3:08 pm on Oct 28, 2010 (gmt 0)

10+ Year Member



Hi All,

I'm not an Apache expert and I rarely use the redirect rules, however I did my best to read the documentation and look for examples that would have been able to provide me an answer without success.

In my .htaccess file I implemented the following rules (I paste just the first 4)

RewriteCond %{HTTP_HOST} ^andreamoro.eu$ [OR]
RewriteCond %{HTTP_HOST} ^www.andreamoro.eu$
RewriteRule ^contactme\/?$ "http\:\/\/www\.andreamoro\.co\.uk\/contactme\/" [R=301,L]

RewriteCond %{HTTP_HOST} ^andreamoro.eu$ [OR]
RewriteCond %{HTTP_HOST} ^www.andreamoro.eu$
RewriteRule ^about\-andrea\-moro\/?$ "http\:\/\/www\.andreamoro\.co\.uk\/about\-andrea\-moro\/" [R=301,L]

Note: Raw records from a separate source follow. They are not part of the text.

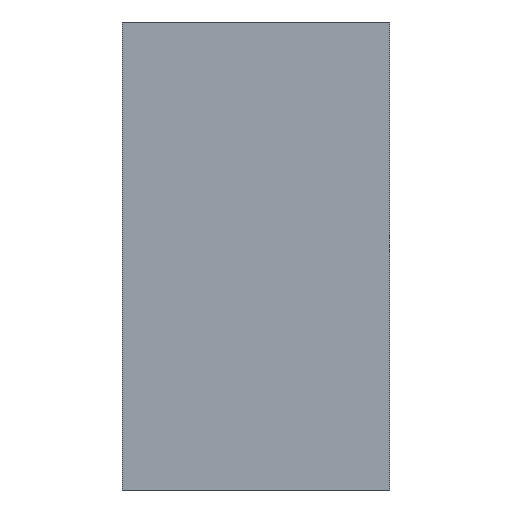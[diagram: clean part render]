
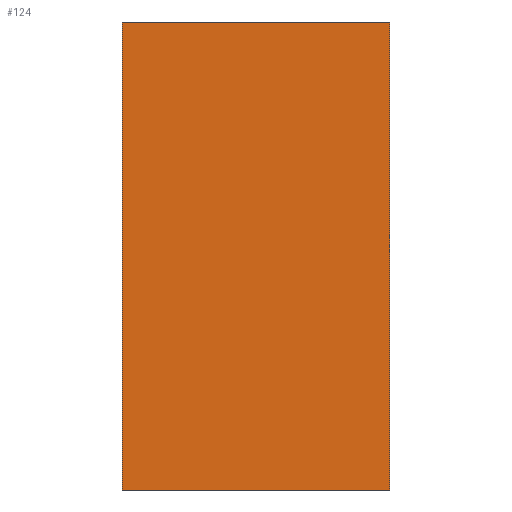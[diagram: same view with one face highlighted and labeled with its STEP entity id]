
A CAD part, left-side view. The second image highlights one B-rep face of the part: STEP entity #124.
In plain terms, the highlighted planar face has unit normal (-1, 0, 0).
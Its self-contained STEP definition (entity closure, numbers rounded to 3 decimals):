
#24=FACE_OUTER_BOUND('',#33,.T.);
#33=EDGE_LOOP('',(#95,#96,#97,#98));
#39=LINE('',#197,#50);
#43=LINE('',#207,#54);
#45=LINE('',#213,#56);
#46=LINE('',#214,#57);
#50=VECTOR('',#160,10.);
#54=VECTOR('',#168,10.);
#56=VECTOR('',#174,10.);
#57=VECTOR('',#175,10.);
#61=VERTEX_POINT('',#195);
#62=VERTEX_POINT('',#196);
#66=VERTEX_POINT('',#206);
#68=VERTEX_POINT('',#212);
#71=EDGE_CURVE('',#61,#62,#39,.T.);
#76=EDGE_CURVE('',#61,#66,#43,.T.);
#79=EDGE_CURVE('',#62,#68,#45,.T.);
#80=EDGE_CURVE('',#66,#68,#46,.T.);
#95=ORIENTED_EDGE('',*,*,#71,.T.);
#96=ORIENTED_EDGE('',*,*,#79,.T.);
#97=ORIENTED_EDGE('',*,*,#80,.F.);
#98=ORIENTED_EDGE('',*,*,#76,.F.);
#118=PLANE('',#148);
#124=ADVANCED_FACE('',(#24),#118,.T.);
#148=AXIS2_PLACEMENT_3D('',#211,#172,#173);
#160=DIRECTION('',(0.,0.,1.));
#168=DIRECTION('',(0.,1.,0.));
#172=DIRECTION('center_axis',(-1.,0.,0.));
#173=DIRECTION('ref_axis',(0.,0.,1.));
#174=DIRECTION('',(0.,1.,0.));
#175=DIRECTION('',(0.,0.,1.));
#195=CARTESIAN_POINT('',(0.,1.,-7.));
#196=CARTESIAN_POINT('',(0.,1.,0.));
#197=CARTESIAN_POINT('',(0.,1.,-5.25));
#206=CARTESIAN_POINT('',(0.,5.,-7.));
#207=CARTESIAN_POINT('',(0.,0.,-7.));
#211=CARTESIAN_POINT('Origin',(0.,0.,-7.));
#212=CARTESIAN_POINT('',(0.,5.,0.));
#213=CARTESIAN_POINT('',(0.,0.,0.));
#214=CARTESIAN_POINT('',(0.,5.,-7.));
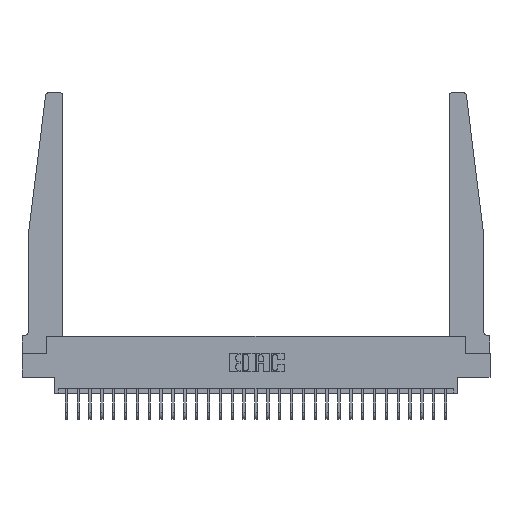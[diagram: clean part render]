
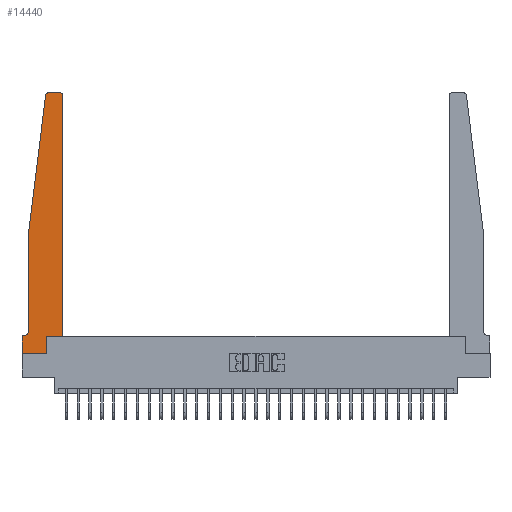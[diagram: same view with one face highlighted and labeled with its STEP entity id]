
A CAD part, top view. The second image highlights one B-rep face of the part: STEP entity #14440.
In plain terms, the highlighted planar face has unit normal (0, 0, 1).
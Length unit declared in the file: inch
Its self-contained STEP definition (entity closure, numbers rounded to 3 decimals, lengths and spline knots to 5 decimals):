
#342 = CARTESIAN_POINT ( 'NONE',  ( 0.2605, 0.18, 0.37 ) ) ;
#456 = VERTEX_POINT ( 'NONE', #22445 ) ;
#715 = CIRCLE ( 'NONE', #25333, 0.05 ) ;
#1141 = EDGE_CURVE ( 'NONE', #2709, #19765, #27358, .T. ) ;
#1273 = LINE ( 'NONE', #14873, #10174 ) ;
#1315 = DIRECTION ( 'NONE',  ( -1., 0., 0. ) ) ;
#1734 = EDGE_CURVE ( 'NONE', #10377, #15482, #21799, .T. ) ;
#1882 = EDGE_CURVE ( 'NONE', #14951, #7041, #20280, .T. ) ;
#1961 = CARTESIAN_POINT ( 'NONE',  ( 0.065, 1.25, 0.37 ) ) ;
#2198 = VERTEX_POINT ( 'NONE', #12978 ) ;
#2238 = CARTESIAN_POINT ( 'NONE',  ( 0.425, 0.18, 0.37 ) ) ;
#2242 = VECTOR ( 'NONE', #16713, 39.37008 ) ;
#2709 = VERTEX_POINT ( 'NONE', #342 ) ;
#3958 = EDGE_LOOP ( 'NONE', ( #29109, #21379, #18077, #18966, #14077, #14388, #14579, #13495, #16044, #22942, #18251, #10006 ) ) ;
#4500 = DIRECTION ( 'NONE',  ( 1., 0., 0. ) ) ;
#4518 = DIRECTION ( 'NONE',  ( 1., 0., 0. ) ) ;
#4656 = VECTOR ( 'NONE', #21389, 39.37008 ) ;
#5053 = CARTESIAN_POINT ( 'NONE',  ( 0.2605, 0.18, 0.37 ) ) ;
#5078 = CARTESIAN_POINT ( 'NONE',  ( 0.425, 0.18, 0.37 ) ) ;
#6411 = VECTOR ( 'NONE', #14839, 39.37008 ) ;
#6623 = DIRECTION ( 'NONE',  ( 0., 0., -1. ) ) ;
#7041 = VERTEX_POINT ( 'NONE', #1961 ) ;
#7217 = EDGE_CURVE ( 'NONE', #456, #14951, #8681, .T. ) ;
#7219 = AXIS2_PLACEMENT_3D ( 'NONE', #21455, #18876, #16601 ) ;
#7627 = DIRECTION ( 'NONE',  ( -1., 0., 0. ) ) ;
#7879 = CARTESIAN_POINT ( 'NONE',  ( 0.065, 0.2375, 0.37 ) ) ;
#8020 = VERTEX_POINT ( 'NONE', #18207 ) ;
#8046 = CARTESIAN_POINT ( 'NONE',  ( 0., 0., 0.37 ) ) ;
#8235 = EDGE_CURVE ( 'NONE', #8020, #456, #1273, .T. ) ;
#8681 = CIRCLE ( 'NONE', #7219, 0.03 ) ;
#9615 = CARTESIAN_POINT ( 'NONE',  ( 0., 0., 0.37 ) ) ;
#9950 = CARTESIAN_POINT ( 'NONE',  ( 0.24675, 2.72367, 0.37 ) ) ;
#10006 = ORIENTED_EDGE ( 'NONE', *, *, #27834, .T. ) ;
#10007 = LINE ( 'NONE', #10302, #6411 ) ;
#10174 = VECTOR ( 'NONE', #7627, 39.37008 ) ;
#10302 = CARTESIAN_POINT ( 'NONE',  ( 0., 0., 0.37 ) ) ;
#10303 = DIRECTION ( 'NONE',  ( 0., -1., 0. ) ) ;
#10377 = VERTEX_POINT ( 'NONE', #18625 ) ;
#10576 = CIRCLE ( 'NONE', #11040, 0.03 ) ;
#10585 = EDGE_CURVE ( 'NONE', #15482, #24355, #10007, .T. ) ;
#11040 = AXIS2_PLACEMENT_3D ( 'NONE', #13891, #15722, #4518 ) ;
#11326 = EDGE_CURVE ( 'NONE', #7041, #24775, #13233, .T. ) ;
#11955 = DIRECTION ( 'NONE',  ( 1., 0., 0. ) ) ;
#12978 = CARTESIAN_POINT ( 'NONE',  ( 0.015, 0.1875, 0.37 ) ) ;
#13070 = VECTOR ( 'NONE', #18212, 39.37008 ) ;
#13233 = LINE ( 'NONE', #25176, #13070 ) ;
#13495 = ORIENTED_EDGE ( 'NONE', *, *, #10585, .T. ) ;
#13891 = CARTESIAN_POINT ( 'NONE',  ( 0.395, 2.72, 0.37 ) ) ;
#14077 = ORIENTED_EDGE ( 'NONE', *, *, #21054, .T. ) ;
#14388 = ORIENTED_EDGE ( 'NONE', *, *, #29733, .T. ) ;
#14440 = ADVANCED_FACE ( 'NONE', ( #21491 ), #16634, .T. ) ;
#14579 = ORIENTED_EDGE ( 'NONE', *, *, #1734, .T. ) ;
#14839 = DIRECTION ( 'NONE',  ( 1., 0., 0. ) ) ;
#14873 = CARTESIAN_POINT ( 'NONE',  ( 0.25, 2.75, 0.37 ) ) ;
#14951 = VERTEX_POINT ( 'NONE', #9950 ) ;
#15482 = VERTEX_POINT ( 'NONE', #9615 ) ;
#15700 = VERTEX_POINT ( 'NONE', #22608 ) ;
#15722 = DIRECTION ( 'NONE',  ( 0., 0., 1. ) ) ;
#16044 = ORIENTED_EDGE ( 'NONE', *, *, #17236, .T. ) ;
#16601 = DIRECTION ( 'NONE',  ( 1., 0., 0. ) ) ;
#16628 = AXIS2_PLACEMENT_3D ( 'NONE', #23289, #28001, #11955 ) ;
#16634 = PLANE ( 'NONE',  #16628 ) ;
#16713 = DIRECTION ( 'NONE',  ( 0., 1., 0. ) ) ;
#17236 = EDGE_CURVE ( 'NONE', #24355, #2709, #23337, .T. ) ;
#18077 = ORIENTED_EDGE ( 'NONE', *, *, #1882, .T. ) ;
#18207 = CARTESIAN_POINT ( 'NONE',  ( 0.395, 2.75, 0.37 ) ) ;
#18212 = DIRECTION ( 'NONE',  ( 0., -1., 0. ) ) ;
#18251 = ORIENTED_EDGE ( 'NONE', *, *, #23623, .T. ) ;
#18625 = CARTESIAN_POINT ( 'NONE',  ( 0., 0.1875, 0.37 ) ) ;
#18876 = DIRECTION ( 'NONE',  ( 0., 0., 1. ) ) ;
#18966 = ORIENTED_EDGE ( 'NONE', *, *, #11326, .T. ) ;
#19604 = CARTESIAN_POINT ( 'NONE',  ( 0.065, 0.1875, 0.37 ) ) ;
#19765 = VERTEX_POINT ( 'NONE', #25051 ) ;
#20090 = CARTESIAN_POINT ( 'NONE',  ( 0.015, 0.2375, 0.37 ) ) ;
#20280 = LINE ( 'NONE', #29514, #20632 ) ;
#20632 = VECTOR ( 'NONE', #22689, 39.37008 ) ;
#21054 = EDGE_CURVE ( 'NONE', #24775, #2198, #715, .T. ) ;
#21379 = ORIENTED_EDGE ( 'NONE', *, *, #7217, .T. ) ;
#21389 = DIRECTION ( 'NONE',  ( 0., 1., 0. ) ) ;
#21455 = CARTESIAN_POINT ( 'NONE',  ( 0.27653, 2.72, 0.37 ) ) ;
#21491 = FACE_OUTER_BOUND ( 'NONE', #3958, .T. ) ;
#21799 = LINE ( 'NONE', #8046, #29807 ) ;
#22130 = CARTESIAN_POINT ( 'NONE',  ( 0.2605, 0., 0.37 ) ) ;
#22445 = CARTESIAN_POINT ( 'NONE',  ( 0.27653, 2.75, 0.37 ) ) ;
#22608 = CARTESIAN_POINT ( 'NONE',  ( 0.425, 2.72, 0.37 ) ) ;
#22689 = DIRECTION ( 'NONE',  ( -0.122, -0.992, 0. ) ) ;
#22942 = ORIENTED_EDGE ( 'NONE', *, *, #1141, .T. ) ;
#23289 = CARTESIAN_POINT ( 'NONE',  ( 0., 0.1875, 0.37 ) ) ;
#23337 = LINE ( 'NONE', #5053, #4656 ) ;
#23623 = EDGE_CURVE ( 'NONE', #19765, #15700, #28378, .T. ) ;
#23683 = VECTOR ( 'NONE', #1315, 39.37008 ) ;
#24355 = VERTEX_POINT ( 'NONE', #22130 ) ;
#24775 = VERTEX_POINT ( 'NONE', #7879 ) ;
#25051 = CARTESIAN_POINT ( 'NONE',  ( 0.425, 0.18, 0.37 ) ) ;
#25176 = CARTESIAN_POINT ( 'NONE',  ( 0.065, 1.25, 0.37 ) ) ;
#25208 = DIRECTION ( 'NONE',  ( -1., 0., 0. ) ) ;
#25333 = AXIS2_PLACEMENT_3D ( 'NONE', #20090, #6623, #25208 ) ;
#26859 = LINE ( 'NONE', #19604, #23683 ) ;
#27214 = VECTOR ( 'NONE', #4500, 39.37008 ) ;
#27358 = LINE ( 'NONE', #2238, #27214 ) ;
#27834 = EDGE_CURVE ( 'NONE', #15700, #8020, #10576, .T. ) ;
#28001 = DIRECTION ( 'NONE',  ( 0., 0., 1. ) ) ;
#28378 = LINE ( 'NONE', #5078, #2242 ) ;
#29109 = ORIENTED_EDGE ( 'NONE', *, *, #8235, .T. ) ;
#29514 = CARTESIAN_POINT ( 'NONE',  ( 0.065, 1.25, 0.37 ) ) ;
#29733 = EDGE_CURVE ( 'NONE', #2198, #10377, #26859, .T. ) ;
#29807 = VECTOR ( 'NONE', #10303, 39.37008 ) ;

RewriteCond %{HTTP_HOST} ^andreamoro.co.uk$ [OR]
RewriteCond %{HTTP_HOST} ^www.andreamoro.co.uk$
RewriteRule ^contattami\/?$ "http\:\/\/www\.andreamoro\.eu\/contattami\/" [R=301,L]

RewriteCond %{HTTP_HOST} ^andreamoro.co.uk$ [OR]
RewriteCond %{HTTP_HOST} ^www.andreamoro.co.uk$
RewriteRule ^biografia\/?$ "http\:\/\/www\.andreamoro\.eu\/biografia\/" [R=301,L]

They works fine if they are written in this way.

As there are two groups of conditions based on the incoming host, I read that it was possible group the rules underneath the same condition. So I tried and published the file in the following way

RewriteCond %{HTTP_HOST} ^andreamoro.eu$ [OR]
RewriteCond %{HTTP_HOST} ^www.andreamoro.eu$
RewriteRule ^contactme\/?$ "http\:\/\/www\.andreamoro\.co\.uk\/contactme\/" [R=301,L]
RewriteRule ^about\-andrea\-moro\/?$ "http\:\/\/www\.andreamoro\.co\.uk\/about\-andrea\-moro\/" [R=301,L]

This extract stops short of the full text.